### Work item
Don't include pictures. Quote the lines below from the first through the line that contains "#12=(NAMED_UNIT(*) SI_UNIT($,.STERADIAN.) SOLID_ANGLE_UNIT());".

### Provided data

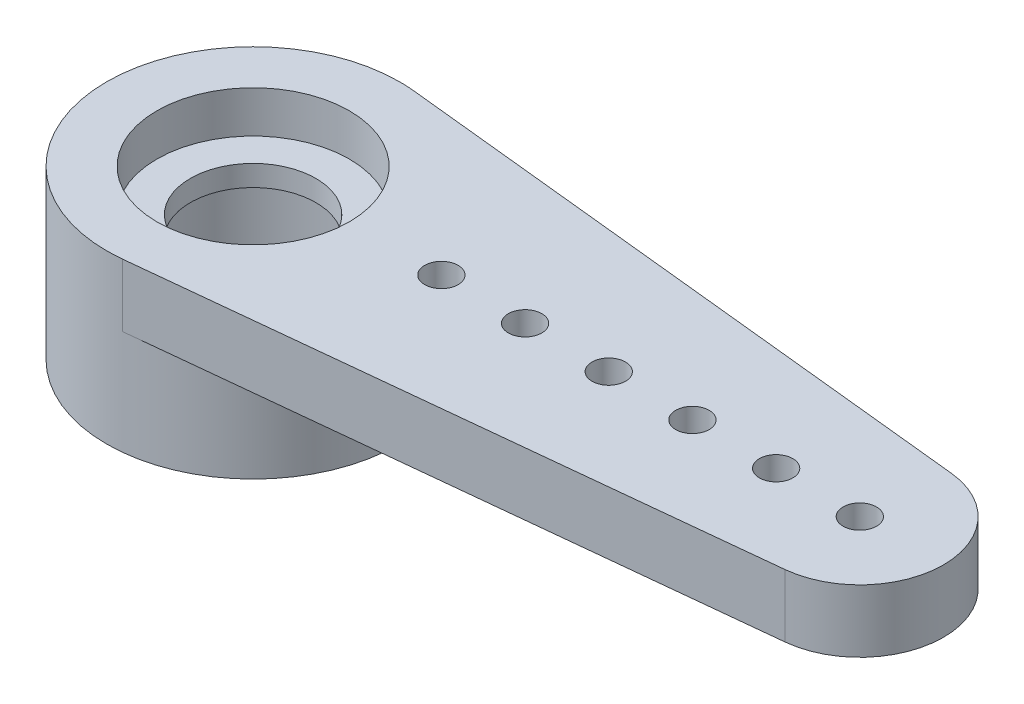
ISO-10303-21;
HEADER;
FILE_DESCRIPTION(('STEP AP214'),'2;1');
FILE_NAME('part.step','',(''),(''),'','','');
FILE_SCHEMA(('AUTOMOTIVE_DESIGN { 1 0 10303 214 1 1 1 1 }'));
ENDSEC;
DATA;
#1=APPLICATION_CONTEXT('core data for automotive mechanical design processes');
#2=APPLICATION_PROTOCOL_DEFINITION('international standard','automotive_design',2000,#1);
#3=PRODUCT_CONTEXT('',#1,'mechanical');
#4=PRODUCT('Part','Part','',(#3));
#5=PRODUCT_RELATED_PRODUCT_CATEGORY('part','',(#4));
#6=PRODUCT_DEFINITION_FORMATION('','',#4);
#7=PRODUCT_DEFINITION_CONTEXT('part definition',#1,'design');
#8=PRODUCT_DEFINITION('design','',#6,#7);
#9=PRODUCT_DEFINITION_SHAPE('','',#8);
#10=(LENGTH_UNIT() NAMED_UNIT(*) SI_UNIT(.MILLI.,.METRE.));
#11=(NAMED_UNIT(*) PLANE_ANGLE_UNIT() SI_UNIT($,.RADIAN.));
#12=(NAMED_UNIT(*) SI_UNIT($,.STERADIAN.) SOLID_ANGLE_UNIT());
#13=UNCERTAINTY_MEASURE_WITH_UNIT(LENGTH_MEASURE(1.E-05),#10,'distance_accuracy_value','');
#14=(GEOMETRIC_REPRESENTATION_CONTEXT(3) GLOBAL_UNCERTAINTY_ASSIGNED_CONTEXT((#13)) GLOBAL_UNIT_ASSIGNED_CONTEXT((#10,
#11,#12)) REPRESENTATION_CONTEXT('',''));
#15=CARTESIAN_POINT('',(0.,0.,0.));
#16=DIRECTION('',(0.,0.,1.));
#17=DIRECTION('',(1.,0.,0.));
#18=AXIS2_PLACEMENT_3D('',#15,#16,#17);
#19=CARTESIAN_POINT('',(4.5,1.5,0.));
#20=DIRECTION('',(0.,-1.,0.));
#21=DIRECTION('',(0.,0.,-1.));
#22=AXIS2_PLACEMENT_3D('',#19,#20,#21);
#23=CYLINDRICAL_SURFACE('',#22,0.4);
#24=CARTESIAN_POINT('',(4.5,1.5,0.));
#25=DIRECTION('',(0.,1.,0.));
#26=DIRECTION('',(0.,0.,1.));
#27=AXIS2_PLACEMENT_3D('',#24,#25,#26);
#28=CIRCLE('',#27,0.4);
#29=CARTESIAN_POINT('',(4.5,1.5,0.4));
#30=VERTEX_POINT('',#29);
#31=EDGE_CURVE('E44',#30,#30,#28,.T.);
#32=ORIENTED_EDGE('',*,*,#31,.T.);
#33=EDGE_LOOP('',(#32));
#34=FACE_BOUND('',#33,.T.);
#35=CARTESIAN_POINT('',(4.5,0.,0.));
#36=DIRECTION('',(0.,1.,0.));
#37=DIRECTION('',(0.,0.,1.));
#38=AXIS2_PLACEMENT_3D('',#35,#36,#37);
#39=CIRCLE('',#38,0.4);
#40=CARTESIAN_POINT('',(4.5,0.,0.4));
#41=VERTEX_POINT('',#40);
#42=EDGE_CURVE('E11',#41,#41,#39,.T.);
#43=ORIENTED_EDGE('',*,*,#42,.F.);
#44=EDGE_LOOP('',(#43));
#45=FACE_BOUND('',#44,.T.);
#46=ADVANCED_FACE('F36',(#34,#45),#23,.F.);
#47=CARTESIAN_POINT('',(6.5,1.5,0.));
#48=DIRECTION('',(0.,-1.,0.));
#49=DIRECTION('',(0.,0.,-1.));
#50=AXIS2_PLACEMENT_3D('',#47,#48,#49);
#51=CYLINDRICAL_SURFACE('',#50,0.4);
#52=CARTESIAN_POINT('',(6.5,1.5,0.));
#53=DIRECTION('',(0.,1.,0.));
#54=DIRECTION('',(0.,0.,1.));
#55=AXIS2_PLACEMENT_3D('',#52,#53,#54);
#56=CIRCLE('',#55,0.4);
#57=CARTESIAN_POINT('',(6.5,1.5,0.4));
#58=VERTEX_POINT('',#57);
#59=EDGE_CURVE('E137',#58,#58,#56,.T.);
#60=ORIENTED_EDGE('',*,*,#59,.T.);
#61=EDGE_LOOP('',(#60));
#62=FACE_BOUND('',#61,.T.);
#63=CARTESIAN_POINT('',(6.5,0.,0.));
#64=DIRECTION('',(0.,1.,0.));
#65=DIRECTION('',(0.,0.,1.));
#66=AXIS2_PLACEMENT_3D('',#63,#64,#65);
#67=CIRCLE('',#66,0.4);
#68=CARTESIAN_POINT('',(6.5,0.,0.4));
#69=VERTEX_POINT('',#68);
#70=EDGE_CURVE('E140',#69,#69,#67,.T.);
#71=ORIENTED_EDGE('',*,*,#70,.F.);
#72=EDGE_LOOP('',(#71));
#73=FACE_BOUND('',#72,.T.);
#74=ADVANCED_FACE('F231',(#62,#73),#51,.F.);
#75=CARTESIAN_POINT('',(8.5,1.5,0.));
#76=DIRECTION('',(0.,-1.,0.));
#77=DIRECTION('',(0.,0.,-1.));
#78=AXIS2_PLACEMENT_3D('',#75,#76,#77);
#79=CYLINDRICAL_SURFACE('',#78,0.4);
#80=CARTESIAN_POINT('',(8.5,1.5,0.));
#81=DIRECTION('',(0.,1.,0.));
#82=DIRECTION('',(0.,0.,1.));
#83=AXIS2_PLACEMENT_3D('',#80,#81,#82);
#84=CIRCLE('',#83,0.4);
#85=CARTESIAN_POINT('',(8.5,1.5,0.4));
#86=VERTEX_POINT('',#85);
#87=EDGE_CURVE('E131',#86,#86,#84,.T.);
#88=ORIENTED_EDGE('',*,*,#87,.T.);
#89=EDGE_LOOP('',(#88));
#90=FACE_BOUND('',#89,.T.);
#91=CARTESIAN_POINT('',(8.5,0.,0.));
#92=DIRECTION('',(0.,1.,0.));
#93=DIRECTION('',(0.,0.,1.));
#94=AXIS2_PLACEMENT_3D('',#91,#92,#93);
#95=CIRCLE('',#94,0.4);
#96=CARTESIAN_POINT('',(8.5,0.,0.4));
#97=VERTEX_POINT('',#96);
#98=EDGE_CURVE('E134',#97,#97,#95,.T.);
#99=ORIENTED_EDGE('',*,*,#98,.F.);
#100=EDGE_LOOP('',(#99));
#101=FACE_BOUND('',#100,.T.);
#102=ADVANCED_FACE('F235',(#90,#101),#79,.F.);
#103=CARTESIAN_POINT('',(10.5,1.5,0.));
#104=DIRECTION('',(0.,-1.,0.));
#105=DIRECTION('',(0.,0.,-1.));
#106=AXIS2_PLACEMENT_3D('',#103,#104,#105);
#107=CYLINDRICAL_SURFACE('',#106,0.4);
#108=CARTESIAN_POINT('',(10.5,1.5,0.));
#109=DIRECTION('',(0.,1.,0.));
#110=DIRECTION('',(0.,0.,1.));
#111=AXIS2_PLACEMENT_3D('',#108,#109,#110);
#112=CIRCLE('',#111,0.4);
#113=CARTESIAN_POINT('',(10.5,1.5,0.4));
#114=VERTEX_POINT('',#113);
#115=EDGE_CURVE('E125',#114,#114,#112,.T.);
#116=ORIENTED_EDGE('',*,*,#115,.T.);
#117=EDGE_LOOP('',(#116));
#118=FACE_BOUND('',#117,.T.);
#119=CARTESIAN_POINT('',(10.5,0.,0.));
#120=DIRECTION('',(0.,1.,0.));
#121=DIRECTION('',(0.,0.,1.));
#122=AXIS2_PLACEMENT_3D('',#119,#120,#121);
#123=CIRCLE('',#122,0.4);
#124=CARTESIAN_POINT('',(10.5,0.,0.4));
#125=VERTEX_POINT('',#124);
#126=EDGE_CURVE('E128',#125,#125,#123,.T.);
#127=ORIENTED_EDGE('',*,*,#126,.F.);
#128=EDGE_LOOP('',(#127));
#129=FACE_BOUND('',#128,.T.);
#130=ADVANCED_FACE('F240',(#118,#129),#107,.F.);
#131=CARTESIAN_POINT('',(12.5,1.5,0.));
#132=DIRECTION('',(0.,-1.,0.));
#133=DIRECTION('',(0.,0.,-1.));
#134=AXIS2_PLACEMENT_3D('',#131,#132,#133);
#135=CYLINDRICAL_SURFACE('',#134,0.4);
#136=CARTESIAN_POINT('',(12.5,1.5,0.));
#137=DIRECTION('',(0.,1.,0.));
#138=DIRECTION('',(0.,0.,1.));
#139=AXIS2_PLACEMENT_3D('',#136,#137,#138);
#140=CIRCLE('',#139,0.4);
#141=CARTESIAN_POINT('',(12.5,1.5,0.4));
#142=VERTEX_POINT('',#141);
#143=EDGE_CURVE('E118',#142,#142,#140,.T.);
#144=ORIENTED_EDGE('',*,*,#143,.T.);
#145=EDGE_LOOP('',(#144));
#146=FACE_BOUND('',#145,.T.);
#147=CARTESIAN_POINT('',(12.5,0.,0.));
#148=DIRECTION('',(0.,1.,0.));
#149=DIRECTION('',(0.,0.,1.));
#150=AXIS2_PLACEMENT_3D('',#147,#148,#149);
#151=CIRCLE('',#150,0.4);
#152=CARTESIAN_POINT('',(12.5,0.,0.4));
#153=VERTEX_POINT('',#152);
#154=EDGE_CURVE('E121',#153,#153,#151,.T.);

### Output for this exercise
ISO-10303-21;
HEADER;
FILE_DESCRIPTION(('STEP AP214'),'2;1');
FILE_NAME('part.step','',(''),(''),'','','');
FILE_SCHEMA(('AUTOMOTIVE_DESIGN { 1 0 10303 214 1 1 1 1 }'));
ENDSEC;
DATA;
#1=APPLICATION_CONTEXT('core data for automotive mechanical design processes');
#2=APPLICATION_PROTOCOL_DEFINITION('international standard','automotive_design',2000,#1);
#3=PRODUCT_CONTEXT('',#1,'mechanical');
#4=PRODUCT('Part','Part','',(#3));
#5=PRODUCT_RELATED_PRODUCT_CATEGORY('part','',(#4));
#6=PRODUCT_DEFINITION_FORMATION('','',#4);
#7=PRODUCT_DEFINITION_CONTEXT('part definition',#1,'design');
#8=PRODUCT_DEFINITION('design','',#6,#7);
#9=PRODUCT_DEFINITION_SHAPE('','',#8);
#10=(LENGTH_UNIT() NAMED_UNIT(*) SI_UNIT(.MILLI.,.METRE.));
#11=(NAMED_UNIT(*) PLANE_ANGLE_UNIT() SI_UNIT($,.RADIAN.));
#12=(NAMED_UNIT(*) SI_UNIT($,.STERADIAN.) SOLID_ANGLE_UNIT());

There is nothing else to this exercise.